A Reboot Hub vediamo molti operatori che preferiscono non spedire le proprie attrezzature oltre confine. I nostri tecnici con sede a Shenzhen e Hong Kong ricostruiscono le piattaforme DJI usate secondo uno standard noto, quindi un acquisto locale in Australia a volte può semplificare la logistica. Tuttavia, se hai bisogno della tua cellula con numero di serie corrispondente per una calibrazione specifica del sensore o un'operazione autorizzata dalla CASA, un Carnet è il metodo più utilizzato. Le sezioni seguenti illustrano questo processo, le regole che riguardano le importazioni temporanee di droni e la procedura inversa quando è necessario rispedire un drone registrato in Australia a Hong Kong per la riparazione.
Un Carnet ATA è un documento doganale internazionale che funge da passaporto per le merci. Per gli operatori di droni, offre tre chiari vantaggi:
I paesi della catena ATA includono Hong Kong (come parte della rete China Carnet), Giappone, Singapore, Stati Uniti, Regno Unito e Australia. Ciò consente a un operatore giapponese che svolge un incarico di ispezione termica a Perth, o a un direttore della fotografia con sede a Hong Kong che copre la Grande Barriera Corallina, di utilizzare lo stesso tipo di documento.
Chi rilascia il carnet?A Hong Kong, la Camera di commercio generale di Hong Kong gestisce le domande. In Giappone è la Camera di commercio e industria giapponese. Le aziende con sede in Australia che necessitano di un carnet per inviare un drone all'estero per la riparazione o per le riprese, lo ottengono dalla Camera di commercio e industria australiana. I costi variano, ma prevedono una commissione di elaborazione e un deposito cauzionale o un'assicurazione che copra il potenziale dazio; molte camere accettano una cauzione rimborsabile.
Si tenga presente che il carnet copre ildoganasolo lato. Non dice nulla sulla sicurezza aerea, sullo spettro radio o sui permessi ambientali. Dovrai comunque soddisfare separatamente la CASA e le eventuali restrizioni sulle riprese del consiglio locale.

Elencare tutti gli oggetti che attraverseranno il confine. Un tipico pacchetto di droni per una ripresa commerciale potrebbe includere:
Se la tua termocamera è una DJI Zenmuse H20T o H30T integrata, classificala nella sezione ottica drone. Se si tratta di un sensore autonomo da collegare solo per determinati lavori, elencarlo separatamente. L'Australian Border Force confronterà il carnet con i beni fisici al momento dell'ingresso; la completezza ora riduce la possibilità di un ritardo in seguito.
Le operazioni commerciali dei droni in Australia sono regolate dalla Civil Aviation Safety Authority. Il riferimento di ancoraggio fornito a Reboot Hub è CASA Parte 101 (Aerei senza pilota e razzi). Sebbene il contesto normativo si sia evoluto con l’introduzione del quadro di registrazione dei droni e di accreditamento dei piloti, la Parte 101 rimane la fonte predefinita per alcune operazioni di categoria esclusa.

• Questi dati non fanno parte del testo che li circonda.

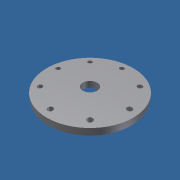
# Autodesk Inventor part: ServoFutabaS3003_circularArm
Saved by Autodesk Inventor 2012 (Build 160160000, 160)
## iProperties
Created: 2014-03-29
Part Number: ServoFutabaS3003_circularArm
Material: Default
Document SubType Name: Modeling
Designer: Admin
Density: 1 g/cm^3
Author: Admin
Autodesk Inventor part; units mm, degrees
ref_plane "YZ Plane" through (0, 0, 0) normal (1, 0, 0) x (0, 1, 0)
ref_plane "XZ Plane" through (0, 0, 0) normal (0, 1, 0) x (-1, 0, 0)
ref_plane "XY Plane" through (0, 0, 0) normal (0, 0, 1) x (1, 0, 0)
sketch "Sketch1" plane through (0, 0, 0) normal (0, 0, 1) x (1, 0, 0)
  circle A0 centre (0, 0) radius 17.8
  dimension "d0" = 35.6
  constraints: 1 centre point, 1 coincident
  measures "d0" diameter of A0
extrude "Extrusion1" add sketch "Sketch1" along normal blind 2.54
sketch "Sketch2" plane through (0, 0, 2.54) normal (0, 0, 1) x (1, 0, 0)
  circle A0 centre (0, 0) radius 17.8 projected
  line L0 (-24.92, 0) -> (24.92, 0) projected
  line L1 (0, -24.92) -> (0, 24.92) projected
  circle A1 centre (0, 14.84) radius 1
  circle A2 centre (-10.4935, 10.4935) radius 1
  circle A3 centre (-14.84, 0) radius 1
  circle A4 centre (-10.4935, -10.4935) radius 1
  circle A5 centre (0, -14.84) radius 1
  circle A6 centre (10.4935, -10.4935) radius 1
  circle A7 centre (14.84, 0) radius 1
  circle A8 centre (10.4935, 10.4935) radius 1
  circle A9 centre (0, 0) radius 3
  dimension "d3" = 2
  dimension "d4" = 14.84
  dimension "d7" = 360
  dimension "d9" = 6
  constraints: 9 centre point, 1 coincident, 1 point on line, 17 other
  measures "d3" diameter of A1
  measures "d4" distance from line of L0 A1.centre
  measures "d9" diameter of A9
extrude "Extrusion2" cut sketch "Sketch2" against normal blind 2.54 contours A7 L0 | L0 A7 | A1 L1 | L1 A1 | A5 L1 | L1 A5 | A3 L0 | L0 A3 | A9 L1 L0 | L0 L1 A9 | L1 L0 A9 | A9 L0 L1 | A2 | A4 | A6 | A8
body "Solid1"
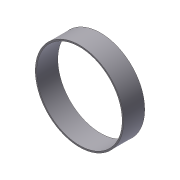
# Autodesk Inventor part: FlyWheel_TreadMount_Jan21
Saved by Autodesk Inventor 2012 (Build 160160000, 160)
## iProperties
Created: 2012-01-22
Part Number: FlyWheel_TreadMount_Jan21
Material: Aluminum-6061
Document SubType Name: Modeling
Designer: JesseK
Mass: 220.499 g
Surface Area: 549.144 cm^2
Volume: 81.3649 cm^3
Density: 2.71 g/cm^3
Author: JesseK
Autodesk Inventor part; units mm, degrees
ref_plane "YZ Plane" through (0, 0, 0) normal (1, 0, 0) x (0, 1, 0)
ref_plane "XZ Plane" through (0, 0, 0) normal (0, 1, 0) x (-1, 0, 0)
ref_plane "XY Plane" through (0, 0, 0) normal (0, 0, 1) x (1, 0, 0)
sketch "Sketch1" plane through (0, 0, 0) normal (0, 0, 1) x (1, 0, 0)
  circle A0 centre (0, 0) radius 90.17
  circle A1 centre (0, 0) radius 93.345
  dimension "d0" = 180.34
  dimension "d1" = 3.175
  constraints: 2 centre point, 2 coincident
  measures "d0" diameter of A0
  measures "d1" radial gap between concentric circles of A0 A1
extrude "Extrusion1" add sketch "Sketch1" along normal blind 44.45
body "Solid1"
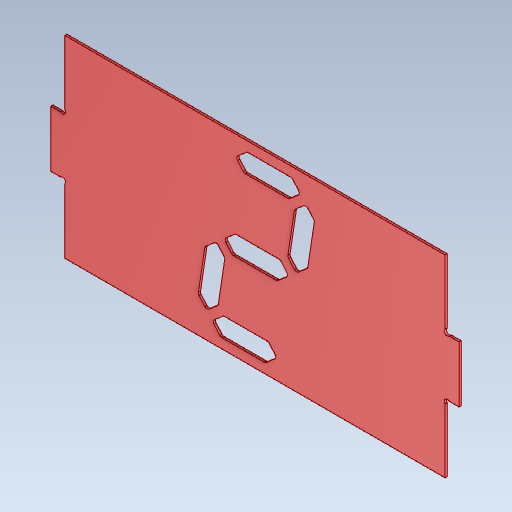
# Autodesk Inventor part: Cockpit_front_frame_cloth
Saved by Autodesk Inventor 2020 (Build 240168000, 168)
## iProperties
Created: 2022-04-24
Part Number: Cockpit_front_frame_cloth
Material: PET プラスチック
Document SubType Name: Modeling
Designer: Masato Kubotera
Density: 1.541 g/cm^3
Appearance: 滑らか - 赤
Description: PP T0.75
Author: Masato Kubotera
Autodesk Inventor part; units mm, degrees
ref_plane "YZ Plane" through (0, 0, 0) normal (1, 0, 0) x (0, 1, 0)
ref_plane "XZ Plane" through (0, 0, 0) normal (0, 1, 0) x (-1, 0, 0)
ref_plane "XY Plane" through (0, 0, 0) normal (0, 0, 1) x (1, 0, 0)
derived "Cockpit_front_frame.ipt"
sketch "スケッチ2" plane through (0, 0, 0) normal (0, 1, 0) x (-1, 0, 0)
  line L0 (-23.5, -22.5) -> (-28.5, -27.5)
  line L1 (-28.5, -27.5) -> (-28.5, -91)
  line L2 (-28.5, -91) -> (-23.5, -96)
  line L3 (-23.5, -96) -> (35.75, -96)
  line L4 (37.75, -98) -> (37.75, -131)
  line L5 (37.75, -131) -> (42.75, -136)
  line L6 (42.75, -136) -> (83.5, -136)
  line L7 (88.5, -131) -> (88.5, -20)
  line L8 (88.5, -20) -> (86, -17.5)
  line L9 (86, -17.5) -> (80.25, -17.5)
  line L10 (80.25, -17.5) -> (80.25, -22.5)
  line L11 (80.25, -22.5) -> (73.9849, -22.5)
  line L12 (72.5, -21.0151) -> (72.5, -17.5)
  line L13 (72.5, -17.5) -> (64.5, -17.5)
  line L14 (64.5, -17.5) -> (64.5, -21.0151)
  line L15 (63.0151, -22.5) -> (-23.5, -22.5)
  line L16 (-25.25, -25) -> (-20.25, -25) construction
  line L17 (-20.25, -25) -> (-20.25, -93.5) construction
  line L18 (-20.25, -93.5) -> (-25.25, -93.5) construction
  line L19 (-25.25, -93.5) -> (-25.25, -25) construction
  line L20 (-26, -25) -> (-25.25, -25) construction
  line L21 (-25.25, -93.5) -> (-26, -93.5) construction
  line L22 (-26, -93.5) -> (-26, -25) construction
  line L23 (-20.25, -93.5) -> (80.25, -93.5) construction
  line L24 (-20.25, -88.5) -> (80.25, -88.5) construction
  line L25 (80.25, -22.5) -> (80.25, -90.5) construction
  line L26 (80.25, -90.5) -> (85.25, -90.5) construction
  line L27 (85.25, -90.5) -> (85.25, -22.5) construction
  line L28 (80.25, -88.5) -> (80.25, -93.5) construction
  line L29 (80.25, -91) -> (85.25, -91) construction
  line L30 (85.25, -91) -> (85.25, -133.5) construction
  line L31 (80.25, -91) -> (80.25, -133.5) construction
  line L32 (80.25, -133.5) -> (85.25, -133.5) construction
  line L33 (40.25, -133.5) -> (40.25, -128.5) construction
  line L34 (40.25, -128.5) -> (40.25, -93.5) construction
  line L35 (45.25, -93.5) -> (45.25, -128.5) construction
  line L36 (40.25, -128.5) -> (45.25, -128.5) construction
  line L37 (42.75, -128.5) -> (42.75, -93.5) construction
  line L38 (40.25, -128.5) -> (79.1145, -128.5) construction
  line L39 (79.1145, -128.5) -> (79.1145, -133.5) construction
  line L40 (79.1145, -133.5) -> (40.25, -133.5) construction
  line L41 (40.25, -131) -> (79.1145, -131) construction
  line L42 (82.75, -91) -> (82.75, -133.5) construction
  circle A0 centre (82.75, -131) radius 2
  arc A1 (80.25, -128.5) -> (85.25, -128.5) centre (82.75, -131) ccw construction
  line L43 (80.25, -91) -> (-20.25, -91) construction
  line L44 (42.75, -111) -> (45.25, -111) construction
  line L45 (59.6822, -128.5) -> (59.6822, -131) construction
  line L46 (42.7, -115.5651) -> (42.7, -106.4349)
  line L47 (45.3, -107.05) -> (45.3, -114.95)
  line L48 (45.3, -117.05) -> (42.7, -104.95) construction
  line L49 (42.7, -117.05) -> (45.3, -104.95) construction
  line L50 (55.7322, -128.45) -> (63.6322, -128.45)
  line L51 (64.2473, -131.05) -> (55.1172, -131.05)
  line L52 (53.6322, -128.45) -> (65.7322, -131.05) construction
  line L53 (65.7322, -128.45) -> (53.6322, -131.05) construction
  line L54 (42.75, -105) -> (45.25, -105) construction
  line L55 (42.75, -117) -> (45.25, -117) construction
  arc A2 (44.1849, -104.95) -> (42.7, -106.4349) centre (43.4425, -105.6925) ccw
  arc A3 (45.3, -107.05) -> (45.3, -104.95) centre (45.3, -106) ccw
  arc A4 (42.7, -115.5651) -> (44.1849, -117.05) centre (43.4425, -116.3075) ccw
  arc A5 (45.3, -117.05) -> (45.3, -114.95) centre (45.3, -116) ccw
  line L56 (53.6822, -131) -> (53.6822, -128.5) construction
  line L57 (65.6822, -128.5) -> (65.6822, -131) construction
  arc A6 (53.6322, -129.5651) -> (55.1172, -131.05) centre (54.3747, -130.3075) ccw
  arc A7 (55.7322, -128.45) -> (53.6322, -128.45) centre (54.6822, -128.45) ccw
  arc A8 (64.2473, -131.05) -> (65.7322, -129.5651) centre (64.9898, -130.3075) ccw
  arc A9 (65.7322, -128.45) -> (63.6322, -128.45) centre (64.6822, -128.45) ccw
  line L58 (53.6322, -129.5651) -> (53.6322, -128.45)
  line L59 (65.7322, -128.45) -> (65.7322, -129.5651)
  line L60 (44.1849, -104.95) -> (45.3, -104.95)
  line L61 (45.3, -117.05) -> (44.1849, -117.05)
  circle A10 centre (47.6822, -131) radius 1.6
  line L62 (85.25, -22.5) -> (85.25, -17.5) construction
  line L63 (86, -17.5) -> (86, -90.5) construction
  line L64 (86, -90.5) -> (85.25, -90.5) construction
  line L65 (-18.5, -82.5) -> (-18.5, -61)
  arc A11 (-18.5, -82.5) -> (-16.5, -84.5) centre (-16.5, -82.5) ccw
  line L66 (45.5, -84.5) -> (-16.5, -84.5)
  arc A12 (45.5, -84.5) -> (47.5, -82.5) centre (45.5, -82.5) ccw
  line L67 (47.5, -61) -> (47.5, -82.5)
  arc A13 (47.5, -61) -> (45.5, -59) centre (45.5, -61) ccw
  line L68 (-16.5, -59) -> (45.5, -59)
  arc A14 (-16.5, -59) -> (-18.5, -61) centre (-16.5, -61) ccw
  line L69 (30, -88.5) -> (30, -91) construction
  line L70 (82.75, -22.5) -> (82.75, -90.5) construction
  circle A15 centre (82.75, -34) radius 1.6
  circle A16 centre (82.75, -34) radius 3
  circle A17 centre (82.75, -79) radius 1.6
  circle A18 centre (82.75, -79) radius 3
  line L71 (85.25, -22.5) -> (80.25, -22.5) construction
  arc A19 (85.25, -91) -> (80.25, -91) centre (82.75, -131) ccw construction
  circle A20 centre (47.6822, -131) radius 3
  circle A21 centre (42.75, -99) radius 1.6
  circle A22 centre (42.75, -99) radius 3
  line L72 (5, -88.5) -> (5, -91) construction
  line L73 (55, -88.5) -> (55, -91) construction
  line L74 (53.5651, -91.05) -> (6.4349, -91.05)
  line L75 (4.95, -89.5651) -> (4.95, -88.45)
  line L76 (7.05, -88.45) -> (52.95, -88.45)
  line L77 (55.05, -88.45) -> (55.05, -89.5651)
  line L78 (55.05, -91.05) -> (4.95, -88.45) construction
  line L79 (4.95, -91.05) -> (55.05, -88.45) construction
  arc A23 (7.05, -88.45) -> (4.95, -88.45) centre (6, -88.45) ccw
  arc A24 (4.95, -89.5651) -> (6.4349, -91.05) centre (5.6925, -90.3075) ccw
  arc A25 (55.05, -88.45) -> (52.95, -88.45) centre (54, -88.45) ccw
  arc A26 (53.5651, -91.05) -> (55.05, -89.5651) centre (54.3075, -90.3075) ccw
  line L80 (-20.25, -41) -> (80.25, -41) construction
  line L81 (80.25, -36) -> (-20.25, -36) construction
  line L82 (-20.25, -36) -> (-20.25, -41) construction
  line L83 (-20.25, -38.5) -> (80.25, -38.5) construction
  line L84 (30, -41) -> (30, -36) construction
  line L85 (53.5651, -35.95) -> (6.4349, -35.95)
  line L86 (6.4349, -41.05) -> (53.5651, -41.05)
  line L87 (55.05, -35.95) -> (4.95, -41.05) construction
  line L88 (4.95, -35.95) -> (55.5723, -41.1032) construction
  arc A27 (6.4349, -35.95) -> (4.95, -37.4349) centre (5.6925, -36.6925) ccw
  arc A28 (4.95, -39.5651) -> (6.4349, -41.05) centre (5.6925, -40.3075) ccw
  arc A29 (55.05, -37.4349) -> (53.5651, -35.95) centre (54.3075, -36.6925) ccw
  arc A30 (53.5651, -41.05) -> (55.05, -39.5651) centre (54.3075, -40.3075) ccw
  line L89 (5, -41) -> (5, -36) construction
  line L90 (55, -36) -> (55, -41) construction
  line L91 (4.95, -37.4349) -> (4.95, -39.5651)
  line L92 (55.05, -39.5651) -> (55.05, -37.4349)
  circle A31 centre (-2.5, -38.5) radius 1.6
  circle A32 centre (-2.5, -38.5) radius 3
  circle A33 centre (62.5, -38.5) radius 1.6
  circle A34 centre (62.5, -38.5) radius 3
  line L93 (-25.25, -44.25) -> (-22.75, -44.25) construction
  line L94 (-25.25, -49.25) -> (-26, -49.25) construction
  line L95 (-25.25, -74.25) -> (-22.75, -74.25) construction
  line L96 (-25.25, -69.25) -> (-26, -69.25) construction
  line L97 (-26, -59.25) -> (-25.25, -59.25) construction
  line L98 (-25.25, -59.25) -> (-22.75, -59.25) construction
  line L99 (-22.75, -25) -> (-22.75, -93.5) construction
  arc A35 (63.0151, -22.5) -> (64.5, -21.0151) centre (63.7575, -21.7575) ccw
  arc A36 (72.5, -21.0151) -> (73.9849, -22.5) centre (73.2425, -21.7575) ccw
  line L100 (56.75, -22.5) -> (56.75, -32.5) construction
  line L101 (56.75, -32.5) -> (80.25, -32.5) construction
  line L102 (80.25, -32.5) -> (80.25, -22.5) construction
  line L103 (68.5, -17.5) -> (68.5, -32.5) construction
  line L104 (60.5, -22.5) -> (60.5, -17.5) construction
  line L105 (76.5, -22.5) -> (76.5, -17.5) construction
  line L106 (-22.7, -46.3) -> (-22.7, -72.2)
  line L107 (-25.3, -72.8151) -> (-25.3, -69.564)
  line L108 (-25.3, -44.2) -> (-22.7, -74.3) construction
  line L109 (-22.7, -44.2) -> (-25.3, -74.3) construction
  arc A37 (-22.7, -46.3) -> (-22.7, -44.2) centre (-22.7, -45.25) ccw
  arc A38 (-23.8151, -44.2) -> (-25.3, -45.6849) centre (-24.5575, -44.9425) ccw
  line L110 (-23.8151, -44.2) -> (-22.7, -44.2)
  arc A39 (-22.7, -74.3) -> (-22.7, -72.2) centre (-22.7, -73.25) ccw
  arc A40 (-25.3, -72.8151) -> (-23.8151, -74.3) centre (-24.5575, -73.5575) ccw
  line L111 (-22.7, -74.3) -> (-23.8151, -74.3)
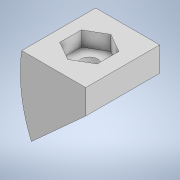
# Autodesk Inventor part: Soporte placa
Saved by Autodesk Inventor 2021 (Build 250183000, 183)
## iProperties
Created: 2020-11-18
Part Number: Soporte placa
Material: Generic
Document SubType Name: Modeling
Designer: Miguel
Density: 1 g/cm^3
Appearance: Default
Author: Miguel
Autodesk Inventor part; units mm, degrees
ref_plane "YZ Plane" through (0, 0, 0) normal (1, 0, 0) x (0, 1, 0)
ref_plane "XZ Plane" through (0, 0, 0) normal (0, 1, 0) x (-1, 0, 0)
ref_plane "XY Plane" through (0, 0, 0) normal (0, 0, 1) x (1, 0, 0)
sketch "Sketch1" plane through (0, 0, 0) normal (0, 0, 1) x (1, 0, 0)
  circle A0 centre (0, 0) radius 28
  line L0 (-27.5, 5.5) -> (27.5, 5.5)
  line L1 (27.5, 5.5) -> (27.5, 4)
  line L2 (27.5, 4) -> (-27.5, 4)
  line L3 (-27.5, 4) -> (-27.5, 5.5)
  line L4 (-27.7128, 4) -> (27.7128, 4)
  line L5 (-14.7128, 4) -> (-14.7128, -1)
  line L6 (-14.7128, -1) -> (-25.7488, -11)
  line L7 (-27.5, 4.75) -> (-21.5, 4.75)
  dimension "d0" = 56
  dimension "d1" = 55
  dimension "d2" = 1.5
  dimension "d3" = 27.5
  dimension "d4" = 4
  dimension "d5" = 4
  dimension "d6" = 5
  dimension "d7" = 13
  dimension "d8" = 15
  dimension "d12" = 6
  dimension "d13" = 6.2128
  constraints: 16 end point, 3 horizontal, 3 point on circle, 2 parallel, 2 perpendicular, 1 centre point, 1 coincident, 1 midpoint, 1 point on line
  measures "d0" diameter of A0
  measures "d1" distance between parallel lines of L1 L3
  measures "d2" distance between parallel lines of L0 L2
  measures "d3" distance from line of point (0, 0) L3
  measures "d4" distance from line of L2 point (0, 0)
  measures "d5" distance from line of point (0, 0) L4
  measures "d6" distance of L5.start L5.end
  measures "d7" distance from line of L4.start L5
  measures "d8" distance from line of L2 L6.end
  measures "d12" distance from line of L3 L7.end
  measures "d13" horizontal distance of L7.end L4.start
extrude "Extrusion1" add sketch "Sketch1" along normal mid plane 15 contours A0 L4 L2 L5 L6 picked at (-22.5928, -6.0493)
sketch "Sketch2" plane through (-27.7128, 4, 7.5) normal (0, 1, 0) x (1, 0, 0)
  line L0 (6.213, 11.8879) -> (10.013, 9.6939)
  line L1 (10.013, 9.6939) -> (10.013, 5.3061)
  line L2 (10.013, 5.3061) -> (6.213, 3.1121)
  line L3 (6.213, 3.1121) -> (2.413, 5.3061)
  line L4 (2.413, 5.3061) -> (2.413, 9.6939)
  line L5 (2.413, 9.6939) -> (6.213, 11.8879)
  line L6 (0, 15) -> (0, 0) projected
  line L7 (13, 15) -> (13, 0) projected
  line L8 (13, 7.5) -> (0, 7.5)
  point P0 (27.7128, 7.5)
  point P1 (6.213, 7.5)
  dimension "d14" = 6.213
  dimension "d15" = 0
  dimension "d16" = 7.6
  constraints: 14 end point, 2 midpoint, 1 parallel, 13 other
  measures "d14" distance from line of L6 point (6.213, 7.5)
  measures "d15" distance from line of L8 point (6.213, 7.5)
  measures "d16" distance between parallel lines of L2 L5
extrude "Extrusion2" cut sketch "Sketch2" against normal blind 3
sketch "Sketch3" plane through (-27.7128, 1, 7.5) normal (0, 1, 0) x (1, 0, 0)
  circle A0 centre (6.213, 7.5) radius 1.75
  point P0 (27.7128, 7.5)
  dimension "d19" = 3.5
  constraints: 1 centre point
  measures "d19" diameter of A0
extrude "Extrusion3" cut sketch "Sketch3" against normal blind 10
body "Solid1"
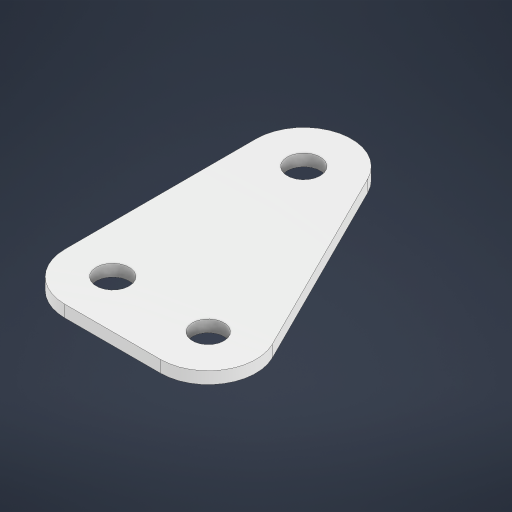
# Autodesk Inventor part: wing_pivot
Saved by Autodesk Inventor 2024 (Build 280153000, 153)
## iProperties
Created: 2023-10-18
Part Number: wing_pivot
Material: Acetal Resin, White
Document SubType Name: Sheet Metal
Designer: Averey Ku
Density: 1.425 g/cm^3
Flat Pattern Width: 2.40592 cm
Flat Pattern Length: 4.10981 cm
Flat Pattern Area: 9.88788 cm^2
Sheet Metal Rule: Default_mm
Sheet Metal Width: 0.947 in
Sheet Metal Length: 1.618 in
Sheet Metal Area: 1.533 in^2
Appearance: Smooth - White
Author: Averey Ku
Autodesk Inventor part; units mm, degrees
ref_plane "YZ Plane" through (0, 0, 0) normal (1, 0, 0) x (0, 1, 0)
ref_plane "XZ Plane" through (0, 0, 0) normal (0, 1, 0) x (-1, 0, 0)
ref_plane "XY Plane" through (0, 0, 0) normal (0, 0, 1) x (1, 0, 0)
sketch "Sketch1" plane through (0, 0, 0) normal (0, 1, 0) x (-1, 0, 0)
  circle A0 centre (0, 0) radius 2.1844
  circle A1 centre (0, -25.4) radius 2.1844
  arc A2 (6.35, 0) -> (0, 6.35) centre (0, 0) ccw
  arc A3 (-5.6796, -28.2398) -> (6.35, -25.4) centre (0, -25.4) ccw
  line L0 (6.35, 0) -> (6.35, -25.4)
  circle A4 centre (-12.7, 0) radius 2.0955
  arc A5 (-12.7, 6.35) -> (-18.3796, -2.8398) centre (-12.7, 0) ccw
  line L1 (0, 6.35) -> (-12.7, 6.35)
  line L2 (-18.3796, -2.8398) -> (-5.6796, -28.2398)
  dimension "d0" = 4.3688
  dimension "d1" = 12.7
  dimension "d2" = 4.191
  constraints: 6 centre point, 6 end point, 6 point on circle, 5 tangent, 4 coincident, 2 other
  measures "d0" diameter of A0
  measures "d1" diameter of A2
  measures "d2" diameter of A4
extrude "Extrusion1" add sketch "Sketch1" along normal blind 1.5875
equation "\"BendRadius\" = Thickness"
equation "\"BendReliefWidth\" = Thickness"
equation "\"BendReliefDepth\" = 0.5 * Thickness"
equation "\"CornerReliefSize\" = 4 * Thickness"
equation "\"MinimumRemnant\" = 2 * Thickness"
equation "\"TransitionRadius\" = BendRadius"
equation "\"JacobiRadiusSize\" = BendRadius"
equation "\"GapSize\" = Thickness"
equation "\"Thickness\" = 1.5875"
body "Solid1"
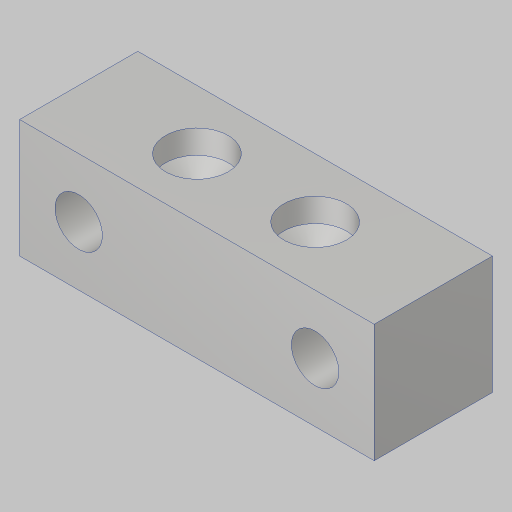
# Autodesk Inventor part: CL7-GB-004
Saved by Autodesk Inventor 2023.5 (Build 275446000, 446)
## iProperties
Created: 2025-03-18
Part Number: CL7-GB-004
Material: Aluminum 6061
Document SubType Name: Modeling
Designer: slick
Density: 2.7 g/cm^3
Appearance: Aluminum - Flat
Author: slick
Autodesk Inventor part; units mm, degrees
ref_plane "YZ Plane" through (0, 0, 0) normal (1, 0, 0) x (0, 1, 0)
ref_plane "XZ Plane" through (0, 0, 0) normal (0, 1, 0) x (-1, 0, 0)
ref_plane "XY Plane" through (0, 0, 0) normal (0, 0, 1) x (1, 0, 0)
sketch "Sketch1" plane through (0, 0, 0) normal (0, 0, 1) x (1, 0, 0)
  line L0 (19.05, -6.35) -> (-19.05, -6.35)
  line L1 (-19.05, -6.35) -> (-19.05, 6.35)
  line L2 (-19.05, 6.35) -> (19.05, 6.35)
  line L3 (19.05, 6.35) -> (19.05, -6.35)
  line L4 (19.05, -6.35) -> (-19.05, 6.35) construction
  line L5 (-19.05, -6.35) -> (19.05, 6.35) construction
  point P0 (0, 0)
  dimension "d0" = 38.1
  dimension "d1" = 12.7
  constraints: 12 end point, 2 midpoint, 2 parallel, 1 horizontal, 1 perpendicular
  measures "d0" distance of L1.end L2.end
  measures "d1" distance of L0.end L1.end
extrude "Extrusion1" add sketch "Sketch1" along normal blind 12.7
sketch "Sketch2" plane through (-19.05, 6.35, 0) normal (0, 1, 0) x (1, 0, 0)
  line L0 (0, 0) -> (0, -12.7) construction
  line L1 (12.7, -6.35) -> (25.4, -6.35) construction
  line L2 (38.1, 0) -> (0, 0) construction
  line L3 (38.1, -12.7) -> (0, -12.7) construction
  point P0 (19.05, 0)
  point P1 (0, -6.35)
  point P2 (19.05, -6.35)
  point P3 (19.05, 0)
  point P4 (19.05, 0)
  dimension "d4" = 12.7
  dimension "d20" = 6.35
  constraints: 4 midpoint, 2 end point, 2 vertical alignment, 1 horizontal alignment
  measures "d4" distance of L1.start L1.end
  measures "d20" distance between parallel lines of L3 L1
sketch "Sketch3" plane through (0, 0, 12.7) normal (0, 0, 1) x (1, 0, 0)
  line L0 (-12.7, 0) -> (12.7, 0) construction
  line L1 (-19.05, 6.35) -> (-19.05, -6.35) construction
  line L2 (19.05, 6.35) -> (-19.05, 6.35) construction
  point P0 (0, 0)
  point P1 (-19.05, 0)
  point P2 (0, 0)
  point P3 (0, 6.35)
  dimension "d12" = 25.4
  constraints: 3 midpoint, 2 end point, 1 horizontal, 1 horizontal alignment, 1 vertical alignment
  measures "d12" distance of L0.start L0.end
hole "Hole2" at (-12.7, 0, 12.7) at (12.7, 0, 12.7) direction (0, 0, -1) diameter 5.1054 end through all clearance for "Flat Head Machine Screw (82)" size "#10" standard "Ansi Unified Screw Threads"
hole "Hole3" at (-6.35, 6.35, 6.35) at (6.35, 6.35, 6.35) direction (0, -1, 0) diameter 6.7564 depth 2.54 tip angle 118 clearance for "Flat Head Machine Screw (82)" size "1/4" standard "Ansi Unified Screw Threads"
body "Solid1"

Per un operatore straniero che porta un drone per un servizio fotografico a pagamento o un'ispezione termica, si applicano diversi scenari:
La conclusione fondamentale: il Carnet gestisce la dogana, ma il cielo è dominio di CASA. Budget almeno un mese prima del viaggio per ottenere le necessarie autorizzazioni aeronautiche. Le regole cambiano: verifica con CASA o un consulente aeronautico qualificato rispetto alle normative più attuali.
All'arrivo, presentare il carnet a un ufficiale dell'Australian Border Force. Se viaggi come passeggero, il carnet verrà normalmente obliterato sulla stessa corsia della tua dichiarazione personale. Per le apparecchiature trasportate per via aerea, il broker logistico gestisce la timbratura secondo la procedura del “carnet de passaggio”.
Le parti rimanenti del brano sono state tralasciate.